Leaders therefore have a responsibility to help build their team members’ confidence so they can be successful, but what is the best way to do this? Katy Milkman, a professor at Wharton, states that a simple way to build someone’s confidence is to ask them for advice.

In her podcast How to Build Confidence she digs into the benefits of helping others and highlights how self-doubt affects our ability to take action. The science behind these common-sense concepts lends credence to leaders who find ways for their team members to mentor, teach and coach others. Frank Oppenheimer’s quote “The best way to learn is to teach” plays a role in Milkman’s suggestion that providing people with opportunities to advise others is a way to build their confidence, as does the more subtle aspect of our natural tendency to take our own advice.

Research shows that if we don’t take our own advice, even when it is directed to others, we create an internal friction that feels like hypocrisy. So, the benefits of advising and teaching others includes a short-term boost in self-confidence though sharing expertise, and a long-term boost in confidence and performance by ensuring the advisor follows their own advice more diligently. A supporting study showed that students who gave study advice to others at the start of a semester scored higher on their own marks through the semester. Not huge increases in marks, but measurable, and that after only giving 10 minutes of advice one time at the begging of the term.

Another element Milkman discusses is how to manage challenging objectives. Research done by Wharton and Cornell indicate that you need to give yourself an occasional free pass (emergency reserve) for when things don’t go as planned. Failure or missing is OK occasionally, especially when a difficult goal is set. This leads to better performance than those that don’t employ this strategy. It’s a matter of recognizing that stuff happens, and sometimes there is nothing you can do.

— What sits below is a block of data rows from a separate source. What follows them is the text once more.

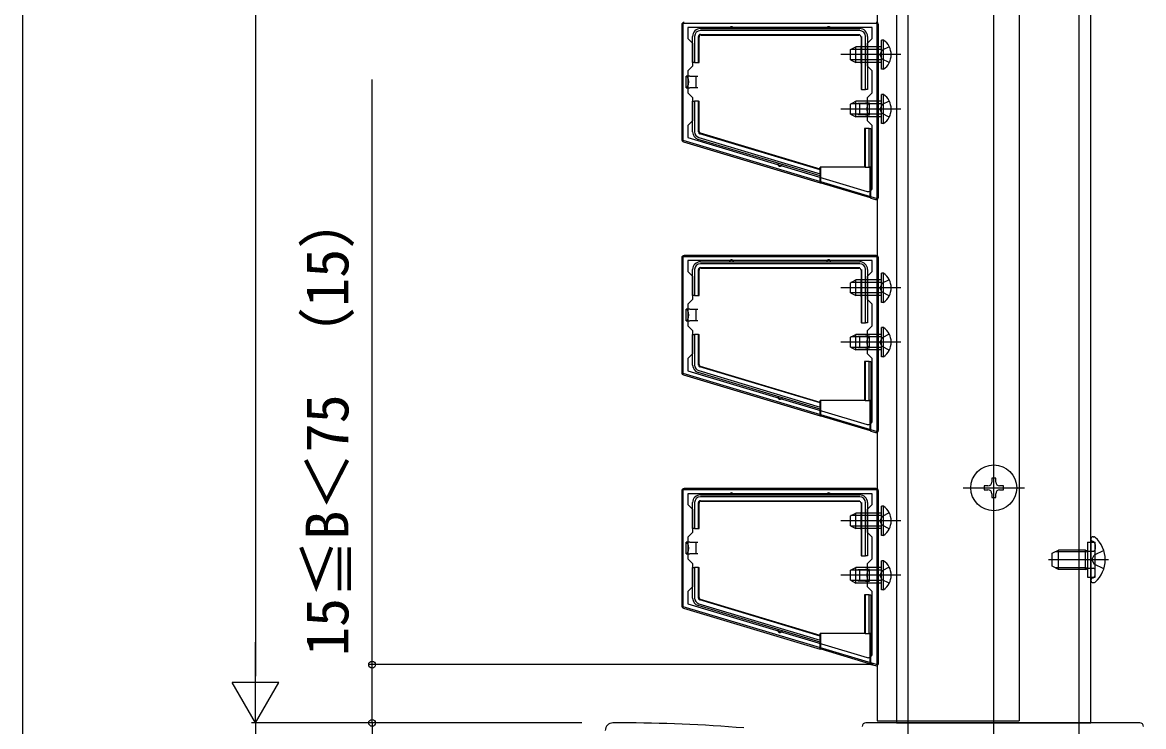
# Model space of a CAD drawing. Units: millimetres, scale not verified. Extents: x -876 to 875, y -1310 to 1303.
# Drawn here: x -875 to -586.4, y 142.1 to 323.3 of the extents above; entities that cross this region are included whole.
import ezdxf
from ezdxf.enums import TextEntityAlignment as Align

# ---------------------------------------------------------------- set-up
doc = ezdxf.new("R2010")
doc.units = ezdxf.units.MM
doc.header["$LTSCALE"] = 6
for name, color, linetype in [('0-2_YKK_11', 7, 'Continuous'), ('0-3_YKK_12', 2, 'Continuous'), ('0-4_YKK_13', 4, 'Continuous'), ('0-5_YKK_D', 6, 'Continuous'), ('0-6_YKK_ZWAK', 7, 'Continuous'), ('0-7_YSS_K', 3, 'Continuous')]:
    doc.layers.add(name, color=color, linetype=linetype)
doc.styles.add('ＭＳ ゴシック', font='')
doc.styles.get('ＭＳ ゴシック').set_extended_font_data('MS Gothic')

msp = doc.modelspace()

# ---------------------------------------------------------------- linework, layer by layer
at = {"layer": '0-2_YKK_11'}
for p, q in [((-703.7, 293.655), (-657.587, 279.821)), ((-703.7, 233.655), (-657.587, 219.821)), ((-703.7, 173.655), (-657.587, 159.821)), ((-721, 143.001), (-723, 143.001))]:
    msp.add_line(p, q, dxfattribs=at)
for points in [[(-705, 293.001), (-655, 278.001), (-655, 323.001), (-705, 323.001)], [(-705, 233.001), (-655, 218.001), (-655, 263.001), (-705, 263.001)], [(-705, 173.001), (-655, 158.001), (-655, 203.001), (-705, 203.001)]]:
    msp.add_lwpolyline(points, close=True, dxfattribs=at)
for points in [[(-656.3, 280.779), (-656.3, 296.801), (-657.5, 298.001), (-657.5, 304.001), (-656.3, 305.201), (-656.3, 310.801), (-657.5, 312.001), (-657.5, 318.001), (-656.3, 319.201), (-656.3, 322.001), (-703.7, 322.001), (-703.7, 319.201), (-702.5, 318.001), (-702.5, 312.001), (-703.7, 310.801), (-703.7, 305.201), (-702.5, 304.001), (-702.5, 298.001), (-703.7, 296.801), (-703.7, 293.655)], [(-656.3, 220.779), (-656.3, 236.801), (-657.5, 238.001), (-657.5, 244.001), (-656.3, 245.201), (-656.3, 250.801), (-657.5, 252.001), (-657.5, 258.001), (-656.3, 259.201), (-656.3, 262.001), (-703.7, 262.001), (-703.7, 259.201), (-702.5, 258.001), (-702.5, 252.001), (-703.7, 250.801), (-703.7, 245.201), (-702.5, 244.001), (-702.5, 238.001), (-703.7, 236.801), (-703.7, 233.655)], [(-656.3, 160.779), (-656.3, 176.801), (-657.5, 178.001), (-657.5, 184.001), (-656.3, 185.201), (-656.3, 190.801), (-657.5, 192.001), (-657.5, 198.001), (-656.3, 199.201), (-656.3, 202.001), (-703.7, 202.001), (-703.7, 199.201), (-702.5, 198.001), (-702.5, 192.001), (-703.7, 190.801), (-703.7, 185.201), (-702.5, 184.001), (-702.5, 178.001), (-703.7, 176.801), (-703.7, 173.655)]]:
    msp.add_lwpolyline(points, dxfattribs=at)
for centre, radius, start, end in [((-657.3, 280.779), 1, 253.30075, 359.99999), ((-657.3, 220.779), 1, 253.30075, 359.99999), ((-657.3, 160.779), 1, 253.30075, 359.99999), ((-723, 141.001), 2, 90.00001, 179.99999), ((-721, -241.701), 384.701, 85.28146, 89.99999)]:
    msp.add_arc(centre, radius, start, end, dxfattribs=at)
at = {"layer": '0-3_YKK_12'}
for p, q in [((-655, 962.501), (-655, 143.501)), ((-618.5, 962.501), (-618.5, 143.501)), ((-655, 143.501), (-618.5, 143.501))]:
    msp.add_line(p, q, dxfattribs=at)
msp.add_lwpolyline([(-631.5, 963.501), (-650, 963.501), (-650, 143.001), (-600, 143.001), (-600, 963.501)], dxfattribs=at)
at = {"layer": '0-4_YKK_13'}
for p, q in [((-705.3, 322.702), (-705.3, 293.146)), ((-659.5, 321.201), (-700.5, 321.201)), ((-667.5, 321.701), (-659.5, 321.701)), ((-654.7, 278.306), (-654.7, 322.702)), ((-702.5, 313.001), (-702.5, 319.701)), ((-702, 319.701), (-702, 313.001)), ((-701, 313.001), (-701, 319.701)), ((-700.843, 313.001), (-700.843, 319.543)), ((-700.5, 320.201), (-659.5, 320.201)), ((-700.343, 320.043), (-659.657, 320.043)), ((-659.157, 319.543), (-659.157, 306.001)), ((-659, 319.701), (-659, 306.001)), ((-658, 306.001), (-658, 319.701)), ((-653.9, 311.251), (-653.9, 318.751)), ((-648.9, 315.001), (-664.4, 315.001)), ((-661.9, 316.301), (-660.5, 317.001)), ((-661.9, 313.701), (-661.9, 316.301)), ((-653.9, 316.346), (-661.809, 316.346)), ((-653.9, 317.001), (-660.5, 317.001)), ((-702, 313.001), (-702.5, 313.001)), ((-702, 313.001), (-701, 313.001)), ((-701, 313.001), (-700.843, 313.001)), ((-661.9, 313.701), (-660.5, 313.001)), ((-653.9, 313.655), (-661.809, 313.655)), ((-703.2, 309.501), (-704.2, 309.501)), ((-704.2, 306.501), (-704.2, 309.501)), ((-701.7, 309.501), (-701.2, 309.501)), ((-653.391, 311.251), (-653.9, 311.251)), ((-704.2, 306.501), (-703.2, 306.501)), ((-701.2, 306.501), (-701.7, 306.501)), ((-659, 306.001), (-659.157, 306.001)), ((-659, 306.001), (-658, 306.001)), ((-702, 303.001), (-702, 295.122)), ((-701, 303.001), (-702, 303.001)), ((-700.843, 295.239), (-700.843, 303.001)), ((-661.9, 302.301), (-660.5, 303.001)), ((-653.9, 303.001), (-660.5, 303.001)), ((-653.9, 297.251), (-653.9, 304.751)), ((-648.9, 301.001), (-664.4, 301.001)), ((-661.9, 299.701), (-661.9, 302.301)), ((-653.9, 302.346), (-661.809, 302.346)), ((-660, 302.501), (-659.5, 302.501)), ((-659.5, 302.501), (-658, 302.501)), ((-659.5, 301.001), (-659.5, 302.501)), ((-659.5, 299.501), (-659.5, 301.001)), ((-657, 302.501), (-658, 302.501)), ((-657, 299.501), (-657, 302.501)), ((-661.9, 299.701), (-660.5, 299.001)), ((-653.9, 299.655), (-661.809, 299.655)), ((-659.5, 299.501), (-660, 299.501)), ((-658, 299.501), (-659.5, 299.501)), ((-658, 299.501), (-657, 299.501)), ((-653.391, 297.251), (-653.9, 297.251)), ((-669.7, 285.348), (-700.644, 294.643)), ((-669.7, 285.512), (-700.487, 294.76)), ((-658.257, 296.001), (-658.257, 286.001)), ((-658.1, 296.001), (-658.257, 296.001)), ((-658.1, 296.001), (-658.1, 286.001)), ((-657.1, 296.001), (-656.6, 296.001)), ((-704.873, 292.572), (-669.7, 282.006)), ((-700.932, 293.685), (-669.7, 284.304)), ((-669.7, 285.512), (-669.7, 286.001)), ((-658.257, 286.001), (-669.7, 286.001)), ((-669.5, 282.042), (-669.5, 286.001)), ((-658.1, 286.001), (-658.257, 286.001)), ((-658.1, 286.001), (-657.1, 286.001)), ((-656.6, 286.001), (-657.1, 286.001)), ((-656.8, 278.227), (-656.8, 286.001)), ((-656.6, 278.071), (-656.6, 286.001)), ((-669.7, 285.348), (-669.7, 285.512)), ((-669.7, 284.304), (-669.7, 285.348)), ((-669.7, 284.304), (-669.7, 283.782)), ((-669.7, 282.006), (-669.7, 283.782)), ((-656.8, 278.227), (-656.6, 278.071)), ((-656.6, 278.071), (-655.471, 277.732)), ((-705.3, 262.702), (-705.3, 233.146)), ((-655.299, 263.301), (-704.701, 263.301)), ((-654.7, 218.306), (-654.7, 262.702)), ((-659.5, 261.201), (-700.5, 261.201)), ((-700.5, 260.201), (-659.5, 260.201)), ((-700.343, 260.043), (-659.657, 260.043)), ((-667.5, 261.701), (-659.5, 261.701)), ((-702.5, 253.001), (-702.5, 259.701)), ((-702, 259.701), (-702, 253.001)), ((-701, 253.001), (-701, 259.701)), ((-700.843, 253.001), (-700.843, 259.543)), ((-661.9, 256.301), (-660.5, 257.001)), ((-653.9, 257.001), (-660.5, 257.001)), ((-659.157, 259.543), (-659.157, 246.001)), ((-659, 259.701), (-659, 246.001)), ((-658, 246.001), (-658, 259.701)), ((-653.9, 251.251), (-653.9, 258.751)), ((-648.9, 255.001), (-664.4, 255.001)), ((-661.9, 253.701), (-661.9, 256.301)), ((-653.9, 256.346), (-661.809, 256.346)), ((-702, 253.001), (-702.5, 253.001)), ((-702, 253.001), (-701, 253.001)), ((-701, 253.001), (-700.843, 253.001)), ((-661.9, 253.701), (-660.5, 253.001)), ((-653.9, 253.655), (-661.809, 253.655)), ((-653.391, 251.251), (-653.9, 251.251)), ((-703.2, 249.501), (-704.2, 249.501)), ((-704.2, 246.501), (-704.2, 249.501)), ((-701.7, 249.501), (-701.2, 249.501)), ((-704.2, 246.501), (-703.2, 246.501)), ((-701.2, 246.501), (-701.7, 246.501)), ((-659, 246.001), (-659.157, 246.001)), ((-659, 246.001), (-658, 246.001)), ((-702, 243.001), (-702, 235.122)), ((-701, 243.001), (-702, 243.001)), ((-700.843, 235.239), (-700.843, 243.001)), ((-661.9, 242.301), (-660.5, 243.001)), ((-653.9, 243.001), (-660.5, 243.001)), ((-660, 242.501), (-659.5, 242.501)), ((-659.5, 242.501), (-658, 242.501)), ((-659.5, 241.001), (-659.5, 242.501)), ((-657, 242.501), (-658, 242.501)), ((-657, 239.501), (-657, 242.501)), ((-653.9, 237.251), (-653.9, 244.751)), ((-648.9, 241.001), (-664.4, 241.001)), ((-661.9, 239.701), (-661.9, 242.301)), ((-661.9, 239.701), (-660.5, 239.001)), ((-653.9, 242.346), (-661.809, 242.346)), ((-653.9, 239.655), (-661.809, 239.655)), ((-659.5, 239.501), (-659.5, 241.001)), ((-659.5, 239.501), (-660, 239.501)), ((-658, 239.501), (-659.5, 239.501)), ((-658, 239.501), (-657, 239.501)), ((-653.391, 237.251), (-653.9, 237.251)), ((-669.7, 225.348), (-700.644, 234.643)), ((-669.7, 225.512), (-700.487, 234.76)), ((-658.257, 236.001), (-658.257, 226.001)), ((-658.1, 236.001), (-658.257, 236.001)), ((-658.1, 236.001), (-658.1, 226.001)), ((-657.1, 236.001), (-656.6, 236.001)), ((-704.873, 232.572), (-669.7, 222.006)), ((-700.932, 233.685), (-669.7, 224.304)), ((-669.7, 225.512), (-669.7, 226.001)), ((-658.257, 226.001), (-669.7, 226.001)), ((-669.7, 225.348), (-669.7, 225.512)), ((-669.7, 224.304), (-669.7, 225.348)), ((-669.5, 222.042), (-669.5, 226.001)), ((-658.1, 226.001), (-658.257, 226.001)), ((-658.1, 226.001), (-657.1, 226.001)), ((-656.6, 226.001), (-657.1, 226.001)), ((-656.8, 218.227), (-656.8, 226.001)), ((-656.6, 218.071), (-656.6, 226.001)), ((-669.7, 224.304), (-669.7, 223.782)), ((-669.7, 222.006), (-669.7, 223.782)), ((-656.8, 218.227), (-656.6, 218.071)), ((-656.6, 218.071), (-655.471, 217.732)), ((-625, 195.601), (-625, 211.401)), ((-705.3, 202.702), (-705.3, 173.146)), ((-655.299, 203.301), (-704.701, 203.301)), ((-654.7, 158.306), (-654.7, 202.702)), ((-632.9, 203.501), (-617.1, 203.501)), ((-623.5, 203.001), (-622.5, 203.001)), ((-702.5, 193.001), (-702.5, 199.701)), ((-702, 199.701), (-702, 193.001)), ((-701, 193.001), (-701, 199.701)), ((-700.843, 193.001), (-700.843, 199.543)), ((-659.5, 201.201), (-700.5, 201.201)), ((-700.5, 200.201), (-659.5, 200.201)), ((-700.343, 200.043), (-659.657, 200.043)), ((-667.5, 201.701), (-659.5, 201.701)), ((-659.157, 199.543), (-659.157, 186.001)), ((-659, 199.701), (-659, 186.001)), ((-658, 186.001), (-658, 199.701)), ((-661.9, 196.301), (-660.5, 197.001)), ((-661.9, 193.701), (-661.9, 196.301)), ((-653.9, 196.346), (-661.809, 196.346)), ((-653.9, 197.001), (-660.5, 197.001)), ((-653.9, 191.251), (-653.9, 198.751)), ((-648.9, 195.001), (-664.4, 195.001)), ((-661.9, 193.701), (-660.5, 193.001)), ((-653.9, 193.655), (-661.809, 193.655)), ((-702, 193.001), (-702.5, 193.001)), ((-702, 193.001), (-701, 193.001)), ((-701, 193.001), (-700.843, 193.001)), ((-653.391, 191.251), (-653.9, 191.251)), ((-599.455, 190.901), (-599.257, 190.901)), ((-703.2, 189.501), (-704.2, 189.501)), ((-704.2, 186.501), (-704.2, 189.501)), ((-701.7, 189.501), (-701.2, 189.501)), ((-600.9, 189.501), (-598.9, 189.501)), ((-600, 190.251), (-600, 179.75)), ((-599.426, 189.693), (-599.671, 189.782)), ((-598.9, 180.501), (-598.9, 189.501)), ((-598.9, 188.941), (-598.9, 187.701)), ((-704.2, 186.501), (-703.2, 186.501)), ((-701.2, 186.501), (-701.7, 186.501)), ((-659, 186.001), (-659.157, 186.001)), ((-659, 186.001), (-658, 186.001)), ((-653.9, 177.251), (-653.9, 184.751)), ((-595.496, 185.001), (-610.913, 185.001)), ((-610, 186.701), (-608.3, 187.501)), ((-601.4, 187.068), (-609.22, 187.068)), ((-608.3, 182.501), (-608.3, 187.501)), ((-601.4, 187.501), (-608.3, 187.501)), ((-601.4, 182.501), (-601.4, 187.501)), ((-599.744, 185.001), (-599.135, 186.146)), ((-599.744, 185.001), (-599.135, 183.856)), ((-596.674, 187.372), (-599.135, 186.146)), ((-702, 183.001), (-702, 175.122)), ((-701, 183.001), (-702, 183.001)), ((-700.843, 175.239), (-700.843, 183.001)), ((-661.9, 182.301), (-660.5, 183.001)), ((-661.9, 179.701), (-661.9, 182.301)), ((-653.9, 182.346), (-661.809, 182.346)), ((-653.9, 183.001), (-660.5, 183.001)), ((-660, 182.501), (-659.5, 182.501)), ((-659.5, 182.501), (-658, 182.501)), ((-659.5, 181.001), (-659.5, 182.501)), ((-657, 182.501), (-658, 182.501)), ((-657, 179.501), (-657, 182.501)), ((-601.4, 182.934), (-609.22, 182.934)), ((-601.4, 182.501), (-608.3, 182.501)), ((-596.674, 182.629), (-599.135, 183.856)), ((-598.9, 181.06), (-598.9, 182.301)), ((-648.9, 181.001), (-664.4, 181.001)), ((-661.9, 179.701), (-660.5, 179.001)), ((-653.9, 179.655), (-661.809, 179.655)), ((-659.5, 179.501), (-660, 179.501)), ((-659.5, 179.501), (-659.5, 181.001)), ((-658, 179.501), (-659.5, 179.501)), ((-658, 179.501), (-657, 179.501)), ((-600, 179.75), (-600, 179.646)), ((-599.426, 180.309), (-599.671, 180.22)), ((-599.455, 179.101), (-599.257, 179.101)), ((-653.391, 177.251), (-653.9, 177.251)), ((-700.932, 173.685), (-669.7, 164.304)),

Finding opportunities for your team members to mentor and teach others is an essential element of helping with their development. We also believe that leaders who employ a coaching style of leadership help to build their team members’ confidence through the coaching process. Coaches allow the coachee to produce their own insights and solutions to their issues and opportunities, giving them the opportunity to advise themselves and therefore gain the boost in self confidence and performance.